5. The end-to-end pedestrian structured information and dependency relationship detection method according to claim 1, wherein the structured information rectangular frame regression method specifically comprises the following steps:

when the resolution of the input graph is 640 × 640, the three decorupled heads respectively have feature graph outputs with different down-sampling scales, and the feature graphs W × H are respectively 20 × 20, 40 × 40 and 80 × 80;

for each cell of one of the feature maps, a corresponding anchor frame anchor is provided; when the feature maps W × H are 20 × 20, respectively, the anchor frame size is 32 × 32, and is consistent with the down-sampling magnification; according to the improved Yolox model, rectangular frame coordinate information [ x _ n y _ n w _ n h _ n ] of structural information n under a certain cell (U _ w, U _ h) is given, and rectangular frame coordinates under actual resolution are calculated by combining anchor frame information of a feature map where the rectangular frame coordinate information is located; wherein x _ n is the x offset of the central point of the rectangular frame relative to the current cell, and y _ n is the y offset of the central point of the rectangular frame relative to the current cell;

in the above calculation formula, only [ x _ n y _ n w _ n h _ n ] is obtained by network prediction, and the others are preset information, so that: the pedestrian structured information rectangular frame is directly obtained by the improved Yolox model, and the accumulation of intermediate errors is avoided without the intermediate result of the pedestrian rectangular frame information.

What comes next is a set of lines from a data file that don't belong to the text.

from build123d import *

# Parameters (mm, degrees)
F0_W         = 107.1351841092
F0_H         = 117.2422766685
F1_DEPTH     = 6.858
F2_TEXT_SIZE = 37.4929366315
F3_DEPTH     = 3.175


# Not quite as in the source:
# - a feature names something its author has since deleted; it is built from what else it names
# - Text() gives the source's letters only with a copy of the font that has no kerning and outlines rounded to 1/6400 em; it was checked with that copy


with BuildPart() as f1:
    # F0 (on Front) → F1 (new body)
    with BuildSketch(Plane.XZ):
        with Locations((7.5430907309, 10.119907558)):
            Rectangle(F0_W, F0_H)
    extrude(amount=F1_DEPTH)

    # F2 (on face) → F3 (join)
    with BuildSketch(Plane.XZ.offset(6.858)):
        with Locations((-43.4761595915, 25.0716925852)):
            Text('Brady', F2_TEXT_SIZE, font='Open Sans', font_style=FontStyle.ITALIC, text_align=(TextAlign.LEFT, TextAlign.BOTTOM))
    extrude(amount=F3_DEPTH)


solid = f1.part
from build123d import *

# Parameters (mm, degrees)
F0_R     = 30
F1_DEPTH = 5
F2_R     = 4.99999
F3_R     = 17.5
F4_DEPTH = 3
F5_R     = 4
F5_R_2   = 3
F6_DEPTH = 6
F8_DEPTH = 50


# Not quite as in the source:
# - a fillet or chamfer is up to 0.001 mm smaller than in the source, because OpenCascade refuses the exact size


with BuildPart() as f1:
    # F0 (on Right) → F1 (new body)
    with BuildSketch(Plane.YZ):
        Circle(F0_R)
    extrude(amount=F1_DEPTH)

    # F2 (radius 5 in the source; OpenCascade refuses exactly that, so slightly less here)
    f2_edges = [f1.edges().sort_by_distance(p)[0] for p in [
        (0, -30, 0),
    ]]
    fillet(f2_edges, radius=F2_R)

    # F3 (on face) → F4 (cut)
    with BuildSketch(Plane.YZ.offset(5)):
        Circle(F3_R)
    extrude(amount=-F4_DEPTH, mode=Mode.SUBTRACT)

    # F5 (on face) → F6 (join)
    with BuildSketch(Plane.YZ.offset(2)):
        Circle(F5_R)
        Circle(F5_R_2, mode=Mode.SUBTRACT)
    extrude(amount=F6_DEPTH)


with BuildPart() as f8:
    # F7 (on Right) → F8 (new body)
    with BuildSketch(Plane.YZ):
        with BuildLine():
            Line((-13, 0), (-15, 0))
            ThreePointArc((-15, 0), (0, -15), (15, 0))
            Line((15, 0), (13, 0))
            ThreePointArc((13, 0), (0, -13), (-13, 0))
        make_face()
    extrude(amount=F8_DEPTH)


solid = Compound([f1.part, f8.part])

6. The end-to-end detection method for the pedestrian structured information and the subordinate relationship thereof according to claim 1, characterized in that for the loss function loss during model training, on the basis of Yolox, a structured information foreground probability loss attr _ obj _ loss and a pedestrian structured information rectangular box regression loss attr _ reg _ loss are added, wherein the structured information foreground probability loss attr _ obj _ loss adopts a cross entropy loss function bceath logitss loss, and the pedestrian structured information rectangular box regression loss attr _ reg _ loss adopts a cross-over ratio loss function ioulos; and adding newly added structured information foreground probability loss attr _ obj _ loss and pedestrian structured information rectangular frame regression loss attr _ reg _ loss to the original loss function to obtain a final loss function.

7. The end-to-end pedestrian structural information and dependency detection method according to claim 1, characterized in that an activation function of the Yolox model is set to relu, and a decoupling head channel coefficient is set to 0.5.

8. A computer-readable medium characterized by: the computer readable medium stores a computer program, which is loaded and executed by a processing module to implement the method for detecting end-to-end pedestrian structural information and its dependency relationship according to any one of claims 1 to 7.